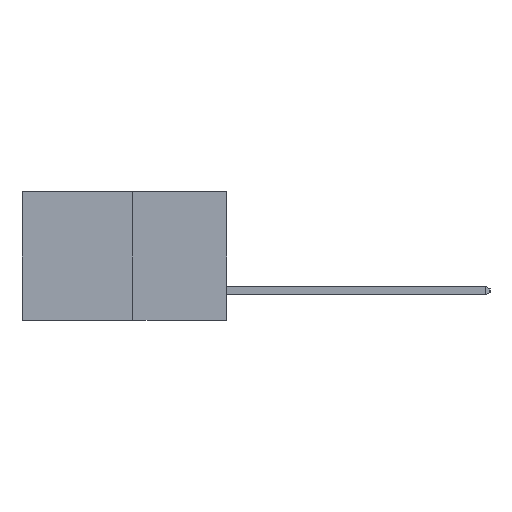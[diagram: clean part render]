
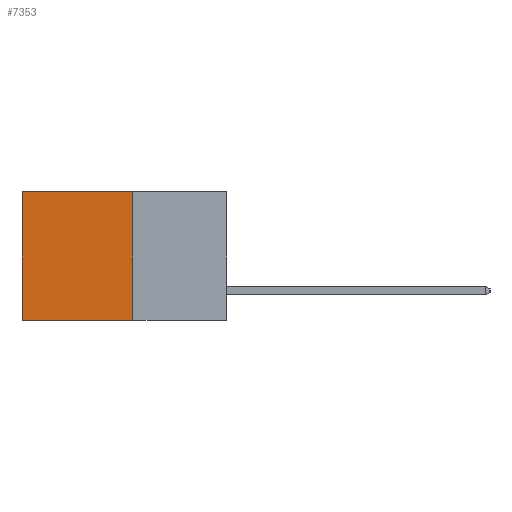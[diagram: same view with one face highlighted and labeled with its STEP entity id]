
A CAD part, left-side view. The second image highlights one B-rep face of the part: STEP entity #7353.
In plain terms, the highlighted planar face has unit normal (-1, 0, 0).
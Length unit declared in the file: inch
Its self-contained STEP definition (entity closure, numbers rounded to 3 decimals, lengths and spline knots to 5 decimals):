
#594 = VERTEX_POINT ( 'NONE', #14049 ) ;
#1568 = ORIENTED_EDGE ( 'NONE', *, *, #9617, .F. ) ;
#1802 = PLANE ( 'NONE',  #15663 ) ;
#2046 = EDGE_CURVE ( 'NONE', #23094, #13836, #17428, .T. ) ;
#2467 = VECTOR ( 'NONE', #3686, 39.37008 ) ;
#2602 = ORIENTED_EDGE ( 'NONE', *, *, #21712, .T. ) ;
#2969 = VECTOR ( 'NONE', #13438, 39.37008 ) ;
#3203 = CARTESIAN_POINT ( 'NONE',  ( 0.277, 0.27, 0. ) ) ;
#3686 = DIRECTION ( 'NONE',  ( 0., 0., -1. ) ) ;
#4040 = EDGE_CURVE ( 'NONE', #22063, #594, #12653, .T. ) ;
#5580 = DIRECTION ( 'NONE',  ( 0., 0., -1. ) ) ;
#5589 = ORIENTED_EDGE ( 'NONE', *, *, #4040, .T. ) ;
#7353 = ADVANCED_FACE ( 'NONE', ( #15820 ), #1802, .F. ) ;
#7464 = CARTESIAN_POINT ( 'NONE',  ( 0.277, 0.27, -0.37 ) ) ;
#7726 = ORIENTED_EDGE ( 'NONE', *, *, #2046, .F. ) ;
#9617 = EDGE_CURVE ( 'NONE', #13836, #594, #20985, .T. ) ;
#9661 = CARTESIAN_POINT ( 'NONE',  ( 0.277, 0.59, 0. ) ) ;
#9912 = VECTOR ( 'NONE', #14086, 39.37008 ) ;
#11576 = VECTOR ( 'NONE', #16963, 39.37008 ) ;
#11610 = CARTESIAN_POINT ( 'NONE',  ( 0.277, 0.27, -0.37 ) ) ;
#12653 = LINE ( 'NONE', #13025, #2969 ) ;
#13025 = CARTESIAN_POINT ( 'NONE',  ( 0.277, 0.59, -0.37 ) ) ;
#13438 = DIRECTION ( 'NONE',  ( 0., 0., -1. ) ) ;
#13836 = VERTEX_POINT ( 'NONE', #22343 ) ;
#14049 = CARTESIAN_POINT ( 'NONE',  ( 0.277, 0.59, -0.37 ) ) ;
#14086 = DIRECTION ( 'NONE',  ( 0., 1., 0. ) ) ;
#15663 = AXIS2_PLACEMENT_3D ( 'NONE', #23316, #16314, #5580 ) ;
#15820 = FACE_OUTER_BOUND ( 'NONE', #16978, .T. ) ;
#16314 = DIRECTION ( 'NONE',  ( 1., 0., 0. ) ) ;
#16517 = CARTESIAN_POINT ( 'NONE',  ( 0.277, 0.27, 0. ) ) ;
#16963 = DIRECTION ( 'NONE',  ( 0., 1., 0. ) ) ;
#16978 = EDGE_LOOP ( 'NONE', ( #5589, #1568, #7726, #2602 ) ) ;
#17428 = LINE ( 'NONE', #7464, #2467 ) ;
#19344 = LINE ( 'NONE', #3203, #9912 ) ;
#20985 = LINE ( 'NONE', #11610, #11576 ) ;
#21712 = EDGE_CURVE ( 'NONE', #23094, #22063, #19344, .T. ) ;
#22063 = VERTEX_POINT ( 'NONE', #9661 ) ;
#22343 = CARTESIAN_POINT ( 'NONE',  ( 0.277, 0.27, -0.37 ) ) ;
#23094 = VERTEX_POINT ( 'NONE', #16517 ) ;
#23316 = CARTESIAN_POINT ( 'NONE',  ( 0.277, 0.27, -0.37 ) ) ;
++++++++++
- WHAT THE TASK REQUIRES -
Return every entry unchanged and skip the pictures.

- EXERCISE ANSWER -
[diagram: clean part render]
[diagram: same view with one face highlighted and labeled with its STEP entity id]
A CAD part, left-side view. The second image highlights one B-rep face of the part: STEP entity #7353.
In plain terms, the highlighted planar face has unit normal (-1, 0, 0).
Length unit declared in the file: inch
Its self-contained STEP definition (entity closure, numbers rounded to 3 decimals, lengths and spline knots to 5 decimals):
#594 = VERTEX_POINT ( 'NONE', #14049 ) ;
#1568 = ORIENTED_EDGE ( 'NONE', *, *, #9617, .F. ) ;
#1802 = PLANE ( 'NONE',  #15663 ) ;
#2046 = EDGE_CURVE ( 'NONE', #23094, #13836, #17428, .T. ) ;
#2467 = VECTOR ( 'NONE', #3686, 39.37008 ) ;
#2602 = ORIENTED_EDGE ( 'NONE', *, *, #21712, .T. ) ;
#2969 = VECTOR ( 'NONE', #13438, 39.37008 ) ;
#3203 = CARTESIAN_POINT ( 'NONE',  ( 0.277, 0.27, 0. ) ) ;
#3686 = DIRECTION ( 'NONE',  ( 0., 0., -1. ) ) ;
#4040 = EDGE_CURVE ( 'NONE', #22063, #594, #12653, .T. ) ;
#5580 = DIRECTION ( 'NONE',  ( 0., 0., -1. ) ) ;
#5589 = ORIENTED_EDGE ( 'NONE', *, *, #4040, .T. ) ;
#7353 = ADVANCED_FACE ( 'NONE', ( #15820 ), #1802, .F. ) ;
#7464 = CARTESIAN_POINT ( 'NONE',  ( 0.277, 0.27, -0.37 ) ) ;
#7726 = ORIENTED_EDGE ( 'NONE', *, *, #2046, .F. ) ;
#9617 = EDGE_CURVE ( 'NONE', #13836, #594, #20985, .T. ) ;
#9661 = CARTESIAN_POINT ( 'NONE',  ( 0.277, 0.59, 0. ) ) ;
#9912 = VECTOR ( 'NONE', #14086, 39.37008 ) ;
#11576 = VECTOR ( 'NONE', #16963, 39.37008 ) ;
#11610 = CARTESIAN_POINT ( 'NONE',  ( 0.277, 0.27, -0.37 ) ) ;
#12653 = LINE ( 'NONE', #13025, #2969 ) ;
#13025 = CARTESIAN_POINT ( 'NONE',  ( 0.277, 0.59, -0.37 ) ) ;
#13438 = DIRECTION ( 'NONE',  ( 0., 0., -1. ) ) ;
#13836 = VERTEX_POINT ( 'NONE', #22343 ) ;
#14049 = CARTESIAN_POINT ( 'NONE',  ( 0.277, 0.59, -0.37 ) ) ;
#14086 = DIRECTION ( 'NONE',  ( 0., 1., 0. ) ) ;
#15663 = AXIS2_PLACEMENT_3D ( 'NONE', #23316, #16314, #5580 ) ;
#15820 = FACE_OUTER_BOUND ( 'NONE', #16978, .T. ) ;
#16314 = DIRECTION ( 'NONE',  ( 1., 0., 0. ) ) ;
#16517 = CARTESIAN_POINT ( 'NONE',  ( 0.277, 0.27, 0. ) ) ;
#16963 = DIRECTION ( 'NONE',  ( 0., 1., 0. ) ) ;
#16978 = EDGE_LOOP ( 'NONE', ( #5589, #1568, #7726, #2602 ) ) ;
#17428 = LINE ( 'NONE', #7464, #2467 ) ;
#19344 = LINE ( 'NONE', #3203, #9912 ) ;
#20985 = LINE ( 'NONE', #11610, #11576 ) ;
#21712 = EDGE_CURVE ( 'NONE', #23094, #22063, #19344, .T. ) ;
#22063 = VERTEX_POINT ( 'NONE', #9661 ) ;
#22343 = CARTESIAN_POINT ( 'NONE',  ( 0.277, 0.27, -0.37 ) ) ;
#23094 = VERTEX_POINT ( 'NONE', #16517 ) ;
#23316 = CARTESIAN_POINT ( 'NONE',  ( 0.277, 0.27, -0.37 ) ) ;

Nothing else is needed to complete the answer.